# mount_nullfs not distinct paths



## lithius (Nov 26, 2009)

Hello everyone,

is there any way to attach (mount) nullfs layer to the same place as the old layer ? For example:


```
mount -t nullfs /test /test
```

The result of this command is that those paths are not distinct paths. So is there any way to do that ? Is it even possible ?

Thanks.


----------



## SirDice (Nov 26, 2009)

Why on earth would you want to do that?


----------



## lithius (Nov 26, 2009)

Well, because I want to hide the underlying layer and I want to access to this layer only through the nullfs (or another) layer above.

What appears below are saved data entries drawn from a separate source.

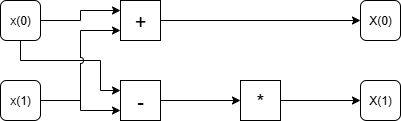

The diagram above was exported from draw.io. Its source (the exported page's mxGraphModel, read from the mxfile embedded in the PNG):
<mxGraphModel dx="2058" dy="1116" grid="1" gridSize="10" guides="1" tooltips="1" connect="1" arrows="1" fold="1" page="1" pageScale="1" pageWidth="850" pageHeight="1100" math="0" shadow="0">
  <root>
    <mxCell id="0" />
    <mxCell id="1" parent="0" />
    <mxCell id="n7zpJfVicAvx4fBcLQrv-22" style="edgeStyle=orthogonalEdgeStyle;rounded=0;orthogonalLoop=1;jettySize=auto;html=1;" edge="1" parent="1" source="n7zpJfVicAvx4fBcLQrv-2" target="n7zpJfVicAvx4fBcLQrv-13">
      <mxGeometry relative="1" as="geometry" />
    </mxCell>
    <mxCell id="n7zpJfVicAvx4fBcLQrv-2" value="&lt;font style=&quot;font-size: 20px;&quot;&gt;+&lt;/font&gt;" style="rounded=0;whiteSpace=wrap;html=1;" vertex="1" parent="1">
      <mxGeometry x="280" y="230" width="40" height="40" as="geometry" />
    </mxCell>
    <mxCell id="n7zpJfVicAvx4fBcLQrv-20" style="edgeStyle=orthogonalEdgeStyle;rounded=0;orthogonalLoop=1;jettySize=auto;html=1;entryX=0;entryY=0.5;entryDx=0;entryDy=0;" edge="1" parent="1" source="n7zpJfVicAvx4fBcLQrv-4" target="n7zpJfVicAvx4fBcLQrv-7">
      <mxGeometry relative="1" as="geometry" />
    </mxCell>
    <mxCell id="n7zpJfVicAvx4fBcLQrv-4" value="&lt;font style=&quot;font-size: 20px;&quot;&gt;-&lt;/font&gt;" style="rounded=0;whiteSpace=wrap;html=1;" vertex="1" parent="1">
      <mxGeometry x="280" y="310" width="40" height="40" as="geometry" />
    </mxCell>
    <mxCell id="n7zpJfVicAvx4fBcLQrv-21" style="edgeStyle=orthogonalEdgeStyle;rounded=0;orthogonalLoop=1;jettySize=auto;html=1;" edge="1" parent="1" source="n7zpJfVicAvx4fBcLQrv-7" target="n7zpJfVicAvx4fBcLQrv-14">
      <mxGeometry relative="1" as="geometry" />
    </mxCell>
    <mxCell id="n7zpJfVicAvx4fBcLQrv-7" value="&lt;font style=&quot;font-size: 20px;&quot;&gt;*&lt;/font&gt;" style="rounded=0;whiteSpace=wrap;html=1;" vertex="1" parent="1">
      <mxGeometry x="400" y="310" width="40" height="40" as="geometry" />
    </mxCell>
    <mxCell id="n7zpJfVicAvx4fBcLQrv-16" style="edgeStyle=orthogonalEdgeStyle;rounded=0;orthogonalLoop=1;jettySize=auto;html=1;entryX=0;entryY=0.25;entryDx=0;entryDy=0;" edge="1" parent="1" source="n7zpJfVicAvx4fBcLQrv-10" target="n7zpJfVicAvx4fBcLQrv-2">
      <mxGeometry relative="1" as="geometry" />
    </mxCell>
    <mxCell id="n7zpJfVicAvx4fBcLQrv-18" style="edgeStyle=orthogonalEdgeStyle;rounded=0;orthogonalLoop=1;jettySize=auto;html=1;entryX=0;entryY=0.25;entryDx=0;entryDy=0;jumpStyle=arc;" edge="1" parent="1" source="n7zpJfVicAvx4fBcLQrv-10" target="n7zpJfVicAvx4fBcLQrv-4">
      <mxGeometry relative="1" as="geometry">
        <Array as="points">
          <mxPoint x="180" y="290" />
          <mxPoint x="260" y="290" />
          <mxPoint x="260" y="320" />
        </Array>
      </mxGeometry>
    </mxCell>
    <mxCell id="n7zpJfVicAvx4fBcLQrv-10" value="x(0)" style="rounded=1;whiteSpace=wrap;html=1;" vertex="1" parent="1">
      <mxGeometry x="160" y="230" width="40" height="40" as="geometry" />
    </mxCell>
    <mxCell id="n7zpJfVicAvx4fBcLQrv-17" style="edgeStyle=orthogonalEdgeStyle;rounded=0;orthogonalLoop=1;jettySize=auto;html=1;entryX=0;entryY=0.75;entryDx=0;entryDy=0;jumpStyle=arc;" edge="1" parent="1" source="n7zpJfVicAvx4fBcLQrv-12" target="n7zpJfVicAvx4fBcLQrv-2">
      <mxGeometry relative="1" as="geometry" />
    </mxCell>
    <mxCell id="n7zpJfVicAvx4fBcLQrv-19" style="edgeStyle=orthogonalEdgeStyle;rounded=0;orthogonalLoop=1;jettySize=auto;html=1;entryX=0;entryY=0.75;entryDx=0;entryDy=0;" edge="1" parent="1" source="n7zpJfVicAvx4fBcLQrv-12" target="n7zpJfVicAvx4fBcLQrv-4">
      <mxGeometry relative="1" as="geometry" />
    </mxCell>
    <mxCell id="n7zpJfVicAvx4fBcLQrv-12" value="x(1)" style="rounded=1;whiteSpace=wrap;html=1;" vertex="1" parent="1">
      <mxGeometry x="160" y="310" width="40" height="40" as="geometry" />
    </mxCell>
    <mxCell id="n7zpJfVicAvx4fBcLQrv-13" value="X(0)" style="rounded=1;whiteSpace=wrap;html=1;" vertex="1" parent="1">
      <mxGeometry x="520" y="230" width="40" height="40" as="geometry" />
    </mxCell>
    <mxCell id="n7zpJfVicAvx4fBcLQrv-14" value="X(1)" style="rounded=1;whiteSpace=wrap;html=1;" vertex="1" parent="1">
      <mxGeometry x="520" y="310" width="40" height="40" as="geometry" />
    </mxCell>
  </root>
</mxGraphModel>

I certainly should mount nullfs to another place in filesystem, but the files will be accessible from more than one place and I do not want this.

Do you have any suggestions ?


----------



## lithius (Nov 26, 2009)

I have done some experiments with mount_nullfs and removed failsafe which stops me from mounting nullfs layer to the same place as old layer. Now I konw that it is not possible, at least by this easy "nullfs hack" way, beacuse of "Resource deadlock". 

Well then, I suppose there is not any easy way to do that ...


----------



## SirDice (Nov 26, 2009)

lithius said:
			
		

> Well, because I want to hide the underlying layer and I want to access to this layer only through the nullfs (or another) layer above.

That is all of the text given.